Atrás d’uma cerca de ripa Um bicho estranho se escondia, Batendo as “oreia” grande Cada vez que se sacudia.
A patroa botou os “óio” No tal bicho interessante... Perguntei: -“Mas que tal o bicho?” Me respondeu no mesmo instante:
-É uma “oveia” da Guilhermina Que se escapou do potreiro! Ou a “macoa” do Juvêncio Que se bandeou do chiqueiro!
-Nada disso! Respondi Num jeitão bem entonado. -É “libisome”, te garanto, Pois nisso sou estudado.
Saquei o trinta do coldre E fiz bem a pontaria... Três palmo acima da cerca, Pois matá-lo eu não queria.
O Schmidtão berrou grosso Que deu eco no rincão.
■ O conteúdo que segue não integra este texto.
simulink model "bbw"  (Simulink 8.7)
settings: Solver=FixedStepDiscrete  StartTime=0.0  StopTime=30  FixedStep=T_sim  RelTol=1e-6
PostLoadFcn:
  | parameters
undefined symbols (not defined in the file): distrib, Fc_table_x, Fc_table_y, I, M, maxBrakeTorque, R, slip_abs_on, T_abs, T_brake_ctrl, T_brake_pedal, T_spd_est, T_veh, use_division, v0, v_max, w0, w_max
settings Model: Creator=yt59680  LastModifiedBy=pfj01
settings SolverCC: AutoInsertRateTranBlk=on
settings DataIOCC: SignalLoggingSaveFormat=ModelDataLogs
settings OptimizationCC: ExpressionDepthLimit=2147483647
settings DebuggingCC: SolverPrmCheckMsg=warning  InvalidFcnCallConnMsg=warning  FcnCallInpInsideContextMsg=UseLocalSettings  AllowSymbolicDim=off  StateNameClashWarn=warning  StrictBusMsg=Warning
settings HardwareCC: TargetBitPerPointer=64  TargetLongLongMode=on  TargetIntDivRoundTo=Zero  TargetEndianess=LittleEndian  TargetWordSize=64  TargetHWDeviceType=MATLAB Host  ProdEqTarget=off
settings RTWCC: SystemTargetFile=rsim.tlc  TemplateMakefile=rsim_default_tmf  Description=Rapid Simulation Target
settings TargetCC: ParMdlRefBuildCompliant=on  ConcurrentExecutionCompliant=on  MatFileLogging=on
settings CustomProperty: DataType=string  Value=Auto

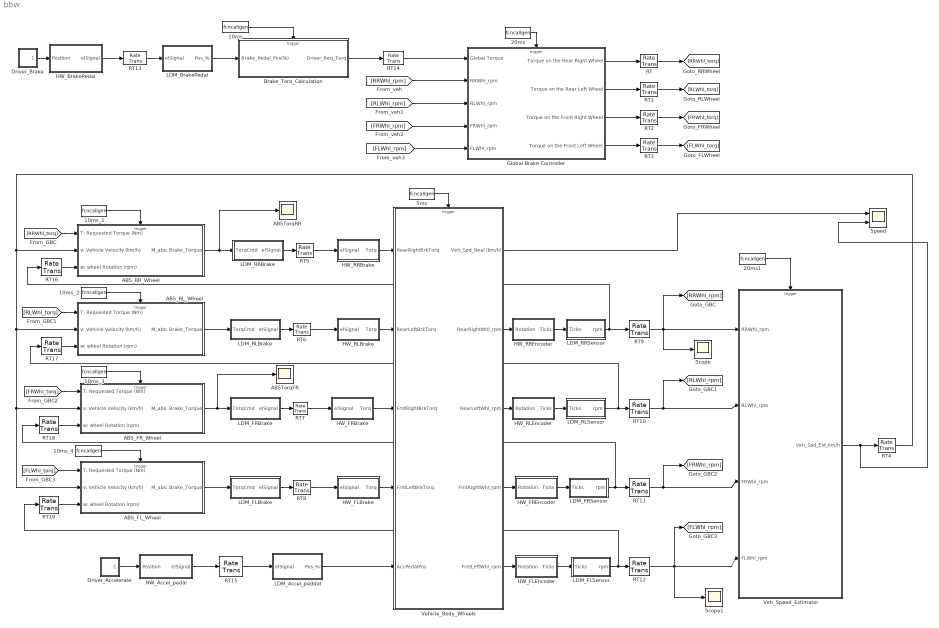
== system bbw ==
  10ms : S-Function  FunctionName=fcncallgen  Parameters=sample_time,numberOfIterations  SFunctionDeploymentMode=off  EnableBusSupport=off  mask(Function-Call Generator){sample_time=T_brake_pedal, numberOfIterations=1}
      mask prompts: sample_time "Simulink:masks:SampleTime_MP"; numberOfIterations "Simulink:masks:NumberOfIterations_MP"
      mask help: Simulink:masks:FunctionCallGenerator_MD
      mask init:
      | if ~isempty(numberOfIterations) & length(numberOfIterations) == 1 & (numberOfIterations > 1),
      | str=sprintf('iterate I = 1:%d',numberOfIterations);
      | else, str = 'f()';
      | end;
      mask Help: This block executes a function-call subsystem at the rate specified by the sample time and a specified number of times.
      mask Display: disp(str)
  10ms_1 : S-Function  FunctionName=fcncallgen  Parameters=sample_time,numberOfIterations  SFunctionDeploymentMode=off  EnableBusSupport=off  mask(Function-Call Generator){sample_time=T_abs, numberOfIterations=1}
      mask prompts: sample_time "Simulink:masks:SampleTime_MP"; numberOfIterations "Simulink:masks:NumberOfIterations_MP"
      mask help: Simulink:masks:FunctionCallGenerator_MD
      mask init:
      | if ~isempty(numberOfIterations) & length(numberOfIterations) == 1 & (numberOfIterations > 1),
      | str=sprintf('iterate I = 1:%d',numberOfIterations);
      | else, str = 'f()';
      | end;
      mask Help: This block executes a function-call subsystem at the rate specified by the sample time and a specified number of times.
      mask Display: disp(str)
  10ms_2 : S-Function  FunctionName=fcncallgen  Parameters=sample_time,numberOfIterations  SFunctionDeploymentMode=off  EnableBusSupport=off  mask(Function-Call Generator){sample_time=T_abs, numberOfIterations=1}
      mask prompts: sample_time "Simulink:masks:SampleTime_MP"; numberOfIterations "Simulink:masks:NumberOfIterations_MP"
      mask help: Simulink:masks:FunctionCallGenerator_MD
      mask init:
      | if ~isempty(numberOfIterations) & length(numberOfIterations) == 1 & (numberOfIterations > 1),
      | str=sprintf('iterate I = 1:%d',numberOfIterations);
      | else, str = 'f()';
      | end;
      mask Help: This block executes a function-call subsystem at the rate specified by the sample time and a specified number of times.
      mask Display: disp(str)
  10ms_3 : S-Function  FunctionName=fcncallgen  Parameters=sample_time,numberOfIterations  SFunctionDeploymentMode=off  EnableBusSupport=off  mask(Function-Call Generator){sample_time=T_abs, numberOfIterations=1}
      mask prompts: sample_time "Simulink:masks:SampleTime_MP"; numberOfIterations "Simulink:masks:NumberOfIterations_MP"
      mask help: Simulink:masks:FunctionCallGenerator_MD
      mask init:
      | if ~isempty(numberOfIterations) & length(numberOfIterations) == 1 & (numberOfIterations > 1),
      | str=sprintf('iterate I = 1:%d',numberOfIterations);
      | else, str = 'f()';
      | end;
      mask Help: This block executes a function-call subsystem at the rate specified by the sample time and a specified number of times.
      mask Display: disp(str)
  10ms_4 : S-Function  FunctionName=fcncallgen  Parameters=sample_time,numberOfIterations  SFunctionDeploymentMode=off  EnableBusSupport=off  mask(Function-Call Generator){sample_time=T_abs, numberOfIterations=1}
      mask prompts: sample_time "Simulink:masks:SampleTime_MP"; numberOfIterations "Simulink:masks:NumberOfIterations_MP"
      mask help: Simulink:masks:FunctionCallGenerator_MD
      mask init:
      | if ~isempty(numberOfIterations) & length(numberOfIterations) == 1 & (numberOfIterations > 1),
      | str=sprintf('iterate I = 1:%d',numberOfIterations);
      | else, str = 'f()';
      | end;
      mask Help: This block executes a function-call subsystem at the rate specified by the sample time and a specified number of times.
      mask Display: disp(str)
  20ms : S-Function  FunctionName=fcncallgen  Parameters=sample_time,numberOfIterations  SFunctionDeploymentMode=off  EnableBusSupport=off  mask(Function-Call Generator){sample_time=T_brake_ctrl, numberOfIterations=1}
      mask prompts: sample_time "Simulink:masks:SampleTime_MP"; numberOfIterations "Simulink:masks:NumberOfIterations_MP"
      mask help: Simulink:masks:FunctionCallGenerator_MD
      mask init:
      | if ~isempty(numberOfIterations) & length(numberOfIterations) == 1 & (numberOfIterations > 1),
      | str=sprintf('iterate I = 1:%d',numberOfIterations);
      | else, str = 'f()';
      | end;
      mask Help: This block executes a function-call subsystem at the rate specified by the sample time and a specified number of times.
      mask Display: disp(str)
  20ms1 : S-Function  FunctionName=fcncallgen  Parameters=sample_time,numberOfIterations  SFunctionDeploymentMode=off  EnableBusSupport=off  mask(Function-Call Generator){sample_time=T_spd_est, numberOfIterations=1}
      mask prompts: sample_time "Simulink:masks:SampleTime_MP"; numberOfIterations "Simulink:masks:NumberOfIterations_MP"
      mask help: Simulink:masks:FunctionCallGenerator_MD
      mask init:
      | if ~isempty(numberOfIterations) & length(numberOfIterations) == 1 & (numberOfIterations > 1),
      | str=sprintf('iterate I = 1:%d',numberOfIterations);
      | else, str = 'f()';
      | end;
      mask Help: This block executes a function-call subsystem at the rate specified by the sample time and a specified number of times.
      mask Display: disp(str)
  5ms : S-Function  FunctionName=fcncallgen  Parameters=sample_time,numberOfIterations  SFunctionDeploymentMode=off  EnableBusSupport=off  mask(Function-Call Generator){sample_time=T_veh, numberOfIterations=1}
      mask prompts: sample_time "Simulink:masks:SampleTime_MP"; numberOfIterations "Simulink:masks:NumberOfIterations_MP"
      mask help: Simulink:masks:FunctionCallGenerator_MD
      mask init:
      | if ~isempty(numberOfIterations) & length(numberOfIterations) == 1 & (numberOfIterations > 1),
      | str=sprintf('iterate I = 1:%d',numberOfIterations);
      | else, str = 'f()';
      | end;
      mask Help: This block executes a function-call subsystem at the rate specified by the sample time and a specified number of times.
      mask Display: disp(str)
  ABSTorqFR : Scope
  ABSTorqRR : Scope
  ABS_FL_Wheel : Subsystem  TreatAsAtomicUnit=on
  ABS_FR_Wheel : Subsystem  TreatAsAtomicUnit=on
  ABS_RL_Wheel : Subsystem  TreatAsAtomicUnit=on
  ABS_RR_Wheel : Subsystem  TreatAsAtomicUnit=on
  Brake_Torq_Calculation : Subsystem  TreatAsAtomicUnit=on
  Driver_Accelerate : Subsystem  mask(Repeating table){rep_seq_t=[0 1 10.5 11 100], rep_seq_y=[0 100 100 0 0]}
      mask prompts: rep_seq_t "Simulink:masks:TimeValues_MP"; rep_seq_y "Simulink:masks:OutputValues_MP"
      mask help: Simulink:masks:RepeatingTable_MD
      mask init:
      | X = [];
      | Y = [];
      | if (length(rep_seq_t) ~= length(rep_seq_y)),
      |   error('Length of time vector and output vector must be the same.')
      | end
      | dbl_rep_seq_t = double(rep_seq_t);
      | dbl_rep_seq_y = double(rep_seq_y);
      | period = max(dbl_rep_seq_t) - min(dbl_rep_seq_t);
      | period = slResolve(sprintf('%0.5g',period), gcbh);
      | [X, Y] = genRepeatingSequenceBlockIconData(dbl_rep_seq_t, dbl_rep_seq_y);
      mask Help: Repeats cycle given in table. Time values should be monotonically increasing.
      mask Display: plot(X, Y )
  Driver_Brake : Subsystem  mask(Repeating table){rep_seq_t=[0 19.5 20 100], rep_seq_y=[0 0 100 100]}
      mask prompts: rep_seq_t "Simulink:masks:TimeValues_MP"; rep_seq_y "Simulink:masks:OutputValues_MP"
      mask help: Simulink:masks:RepeatingTable_MD
      mask init: same as bbw/Driver_Accelerate
      mask Help: Repeats cycle given in table. Time values should be monotonically increasing.
      mask Display: plot(X, Y )
  Global Brake Controller : Subsystem  TreatAsAtomicUnit=on
  HW_Accel_pedal : Subsystem
  HW_BrakePedal : Subsystem
  HW_FLBrake : Subsystem
  HW_FLEncoder : Subsystem
  HW_FRBrake : Subsystem
  HW_FREncoder : Subsystem
  HW_RLBrake : Subsystem
  HW_RLEncoder : Subsystem
  HW_RRBrake : Subsystem
  HW_RREncoder : Subsystem
  LDM_Accel_peddal : Subsystem
  LDM_BrakePedal : Subsystem
  LDM_FLBrake : Subsystem
  LDM_FLSensor : Subsystem
  LDM_FRBrake : Subsystem
  LDM_FRSensor : Subsystem
  LDM_RLBrake : Subsystem
  LDM_RLSensor : Subsystem
  LDM_RRBrake : Subsystem
  LDM_RRSensor : Subsystem
  RT{,1..3,5..8,13..15} (11 alike) : RateTransition
  RT{9..12,16..19} (8 alike) : RateTransition  X0=w0*30/pi
  RT4 : RateTransition  X0=v0*3.6
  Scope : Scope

Como um courisco se sumiu O bichinho na imensidão.
Deixou rastro na lavoura Mas, casco e pata não era! Só uns risco meio torto Quando buscava a tapera.
Desde então eu arreparo As atitude dos “amigo”! Só o Juvêncio corta rastro Quando se topa comigo.
Não chega mais lá em casa, Nem tampouco cumprimenta, Anda sempre a passo largo Quando na vila se apresenta.
Quando me encherga no bolicho Parece ver assombração. Mas oigale! To achando que descobri Quem é o “libisome do Rincão”!